### [Problem]
Extract all lines in the data that contain the word "drawing".

===== Records for processing

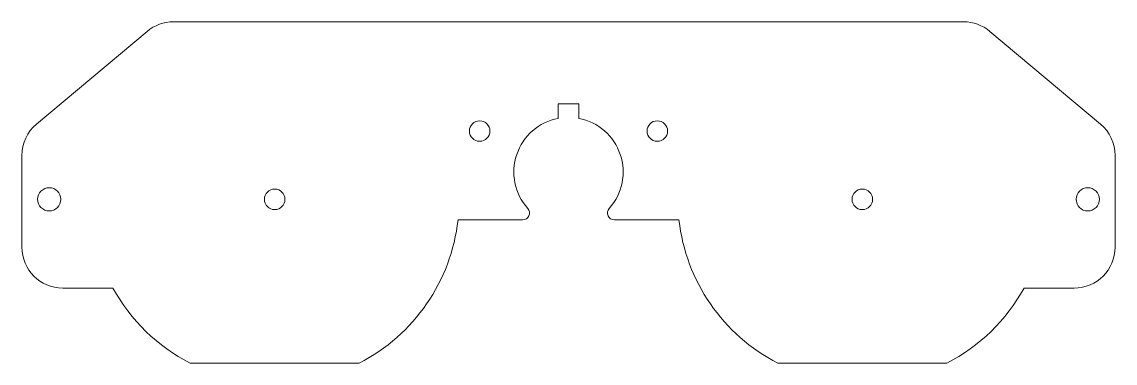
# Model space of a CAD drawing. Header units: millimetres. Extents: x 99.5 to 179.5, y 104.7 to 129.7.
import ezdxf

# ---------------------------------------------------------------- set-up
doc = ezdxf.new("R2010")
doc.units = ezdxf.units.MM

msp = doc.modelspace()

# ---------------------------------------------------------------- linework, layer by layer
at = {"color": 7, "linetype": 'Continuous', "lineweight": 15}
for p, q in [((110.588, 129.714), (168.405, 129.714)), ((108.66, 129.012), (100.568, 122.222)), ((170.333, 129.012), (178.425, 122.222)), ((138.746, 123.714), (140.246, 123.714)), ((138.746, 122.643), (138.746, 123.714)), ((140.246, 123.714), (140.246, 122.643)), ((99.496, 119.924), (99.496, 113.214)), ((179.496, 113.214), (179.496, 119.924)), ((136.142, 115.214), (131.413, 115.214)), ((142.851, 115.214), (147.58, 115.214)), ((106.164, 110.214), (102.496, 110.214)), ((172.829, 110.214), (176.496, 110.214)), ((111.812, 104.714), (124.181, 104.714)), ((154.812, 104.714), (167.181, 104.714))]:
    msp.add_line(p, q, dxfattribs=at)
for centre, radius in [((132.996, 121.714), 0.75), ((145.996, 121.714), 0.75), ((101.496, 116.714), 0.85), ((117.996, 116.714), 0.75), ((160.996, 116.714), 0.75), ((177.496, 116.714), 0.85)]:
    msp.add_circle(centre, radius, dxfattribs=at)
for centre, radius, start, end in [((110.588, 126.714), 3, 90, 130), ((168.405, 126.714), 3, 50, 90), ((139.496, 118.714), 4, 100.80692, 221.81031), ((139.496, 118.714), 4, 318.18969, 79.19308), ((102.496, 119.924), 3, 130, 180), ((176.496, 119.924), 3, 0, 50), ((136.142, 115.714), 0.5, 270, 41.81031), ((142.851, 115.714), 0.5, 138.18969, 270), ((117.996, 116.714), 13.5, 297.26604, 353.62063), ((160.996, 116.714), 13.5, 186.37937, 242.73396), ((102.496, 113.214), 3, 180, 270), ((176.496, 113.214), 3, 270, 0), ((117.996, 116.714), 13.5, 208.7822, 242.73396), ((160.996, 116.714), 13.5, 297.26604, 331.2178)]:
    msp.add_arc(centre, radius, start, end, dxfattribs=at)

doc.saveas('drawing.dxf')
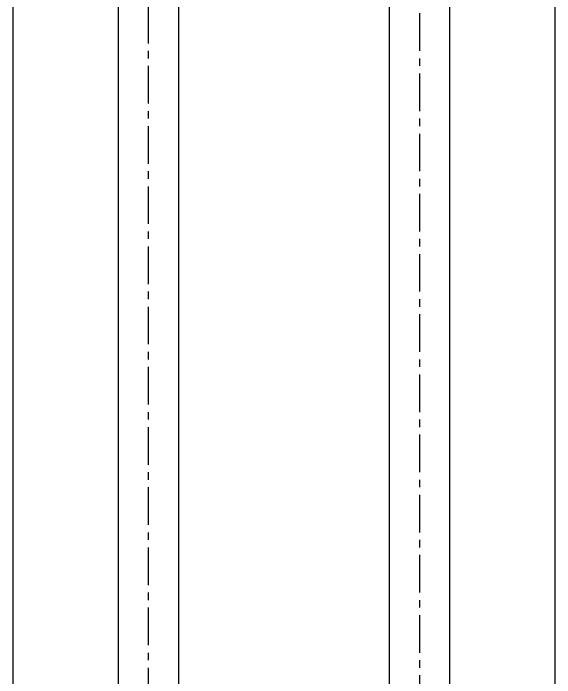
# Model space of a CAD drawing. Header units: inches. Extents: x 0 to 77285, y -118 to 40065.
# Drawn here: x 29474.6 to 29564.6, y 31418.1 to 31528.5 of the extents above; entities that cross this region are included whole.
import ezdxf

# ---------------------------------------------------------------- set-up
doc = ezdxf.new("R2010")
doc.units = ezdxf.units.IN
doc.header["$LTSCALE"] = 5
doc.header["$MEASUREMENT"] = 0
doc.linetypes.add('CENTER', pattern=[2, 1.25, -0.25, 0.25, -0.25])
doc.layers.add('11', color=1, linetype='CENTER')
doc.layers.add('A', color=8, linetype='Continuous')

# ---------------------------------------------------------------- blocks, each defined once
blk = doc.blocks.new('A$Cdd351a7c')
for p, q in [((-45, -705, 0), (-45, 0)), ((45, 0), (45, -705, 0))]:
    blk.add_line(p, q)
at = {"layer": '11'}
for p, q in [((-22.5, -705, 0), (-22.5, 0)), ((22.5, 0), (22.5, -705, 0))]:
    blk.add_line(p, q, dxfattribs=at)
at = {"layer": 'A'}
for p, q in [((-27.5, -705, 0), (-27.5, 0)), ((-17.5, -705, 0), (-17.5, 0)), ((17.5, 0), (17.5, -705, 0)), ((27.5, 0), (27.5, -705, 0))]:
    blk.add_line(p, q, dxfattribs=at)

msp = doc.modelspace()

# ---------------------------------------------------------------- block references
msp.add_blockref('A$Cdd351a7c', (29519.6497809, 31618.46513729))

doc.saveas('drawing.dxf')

==========

### [Answer area]
# Model space of a CAD drawing. Header units: millimetres. Extents: x 99.5 to 179.5, y 104.7 to 129.7.
doc.saveas('drawing.dxf')
# Model space of a CAD drawing. Header units: inches. Extents: x 0 to 77285, y -118 to 40065.
doc.saveas('drawing.dxf')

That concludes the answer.